Indie Memphis To Focus On Locals For 2015 Festival

At an event in Midtown Monday night, Indie Memphis announced that the 2015 edition of the film festival would be held in Overton Square on November 3-10. 

The 18th annual festival, the first held since the recent departure of Executive Director Erk Jambor will be spread out over an entire week to allow festivalgoers an opportunity to see more films. For the past several years, the festival has been a one-weekend affair with more than 40 features spread out over as many as 6 screens at once, often creating impossible choices for audiences. The festival date has also been moved away from Halloween weekend, which has hurt attendance in the last two years. 
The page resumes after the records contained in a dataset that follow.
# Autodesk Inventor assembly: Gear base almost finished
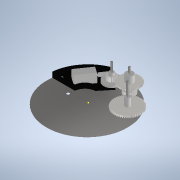
[picture p0: Inventor's stored thumbnail of the model, 180x180]
Saved by Autodesk Inventor 2021 (Build 250183000, 183)
## iProperties
Created: 2020-10-31
Part Number: Gear base almost finished
Document SubType Name: Assembly
Designer: joshualawrence19
Author: joshualawrence19
## Documents named in this file (9)
- H:\design project\Gear base almost finished.iam
- H:\design project\motorbaseplate.ipt
- H:\design project\smallgear.ipt
- H:\design project\thirdgear.ipt
- H:\design project\gearwitspring.ipt
- H:\design project\firstassembly\Design Accelerator\Spur Gears3.iam
- H:\design project\firstassembly\Design Accelerator\Spur Gears4.iam
- H:\design project\motorblack.ipt
- H:\design project\motor.ipt
## Components (8 placed, 7 different names)
1. motorbaseplate:1 — Insert:1, Insert:2, Insert:3, Rotation:2, Insert:4
2. smallgear:1 — Insert:1, Mate:7, Mate:8, Rotation:3
3. thirdgear:1 — Insert:2, Mate:6, Flush:1, Rotation:4
4. gearwitspring:1 — Insert:3, Mate:4, Mate:5, Mate:9, Rotation:2, Rotation:4
5. Spur Gears:2 [sub-assembly] — Mate:4, Mate:5, Mate:6, Flush:1, Mate:10, Rotation:1
6. Spur Gears:3 [sub-assembly] — Mate:7, Mate:8, Mate:9, Mate:10, Rotation:1, Rotation:3
7. motorblack:1 — Insert:4, Mate:11
8. motor:1 — Mate:11
## Relationships (17: Mate 8, Insert 4, RelateRotation 4, Flush 1)
- Insert:1: motorbaseplate:1 ↔ smallgear:1
- Insert:2: motorbaseplate:1 ↔ thirdgear:1
- Insert:3: motorbaseplate:1 ↔ gearwitspring:1
- Mate:4: gearwitspring:1 ↔ Spur Gears:2
- Mate:5: gearwitspring:1 ↔ Spur Gears:2
- Mate:6: thirdgear:1 ↔ Spur Gears:2
- Flush:1: thirdgear:1 ↔ Spur Gears:2
- Mate:7: smallgear:1 ↔ Spur Gears:3
- Mate:8: smallgear:1 ↔ Spur Gears:3
- Mate:9: gearwitspring:1 ↔ Spur Gears:3
- Mate:10: Spur Gears:2 ↔ Spur Gears:3
- Rotation:1 [RelateRotation] (1 ul): Spur Gears:2 ↔ Spur Gears:3
- Rotation:2 [RelateRotation] (3.913 ul): motorbaseplate:1 ↔ gearwitspring:1
- Rotation:3 [RelateRotation] (0.704 ul): smallgear:1 ↔ Spur Gears:3
- Rotation:4 [RelateRotation] (1.484 ul): thirdgear:1 ↔ gearwitspring:1
- Insert:4: motorbaseplate:1 ↔ motorblack:1
- Mate:11: motorblack:1 ↔ motor:1
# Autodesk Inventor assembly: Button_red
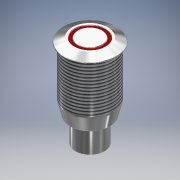
[picture p0: Inventor's stored thumbnail of the model, 180x180]
Saved by Autodesk Inventor 2016 (Build 200138000, 138)
## iProperties
Created: 2016-04-10
Part Number: Button_red
Document SubType Name: Assembly
Designer: agmle
Author: agmle
## Documents named in this file (3)
- C:\Users\agmle\BitTorrent Sync\private\projects\Creekfleet_Timer\hardware\CAD\Main\Button_red.iam
- C:\Users\agmle\BitTorrent Sync\private\projects\Creekfleet_Timer\hardware\CAD\Main\Button_housing.ipt
- C:\Users\agmle\BitTorrent Sync\private\projects\Creekfleet_Timer\hardware\CAD\Main\Button_ring.ipt
## Components (2 placed, 2 different names)
1. Button_housing:1 — Insert:1
2. Button_ring:1 — Insert:1
## Relationships (1: Insert 1)
- Insert:1: Button_housing:1 ↔ Button_ring:1
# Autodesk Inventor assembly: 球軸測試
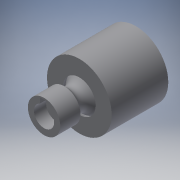
[picture p0: Inventor's stored thumbnail of the model, 180x180]
Saved by Autodesk Inventor 2017 (Build 210142000, 142)
## iProperties
Part Number: 球軸測試
Material: 一般
Document SubType Name: Assembly
Designer: NB23-1
Author: NB23-1
## Documents named in this file (3)
- C:\Users\NB23-1\Desktop\做爽的\迷你三軸平台\球軸測試.iam
- C:\Users\NB23-1\Desktop\做爽的\迷你三軸平台\伸縮缸 球軸 球.ipt
- C:\Users\NB23-1\Desktop\做爽的\迷你三軸平台\伸縮缸 球軸 座.ipt
## Components (2 placed, 2 different names)
1. 伸縮缸 球軸 球:1 — 貼合:1, 角度:1
2. 伸縮缸 球軸 座:1 — 貼合:1, 角度:1
## Relationships (2: Mate 1, Angle 1)
- 貼合:1 [Mate]: 伸縮缸 球軸 球:1 ↔ 伸縮缸 球軸 座:1
- 角度:1 [Angle] (0 deg): 伸縮缸 球軸 球:1 ↔ 伸縮缸 球軸 座:1

“We want to give our audience more opportunities to see these great independent films. The extended festival will give people more options to enjoy the festival on both the weekend and weeknights. It also reduces the number of simultaneous screenings for our dedicated members who want to see a bunch of the films,” says Indie Memphis Board President Ryan Watt.

The call for entries to the features competition this year is open only to filmmakers from the Mid-South area. There is no entry fee for hometowner films submitted before July 17, thanks to a grant from ArtsMemphis. The shorts competition will be open to films from all over the world. National and international feature films will be chosen to screen at the festival on a curated basis.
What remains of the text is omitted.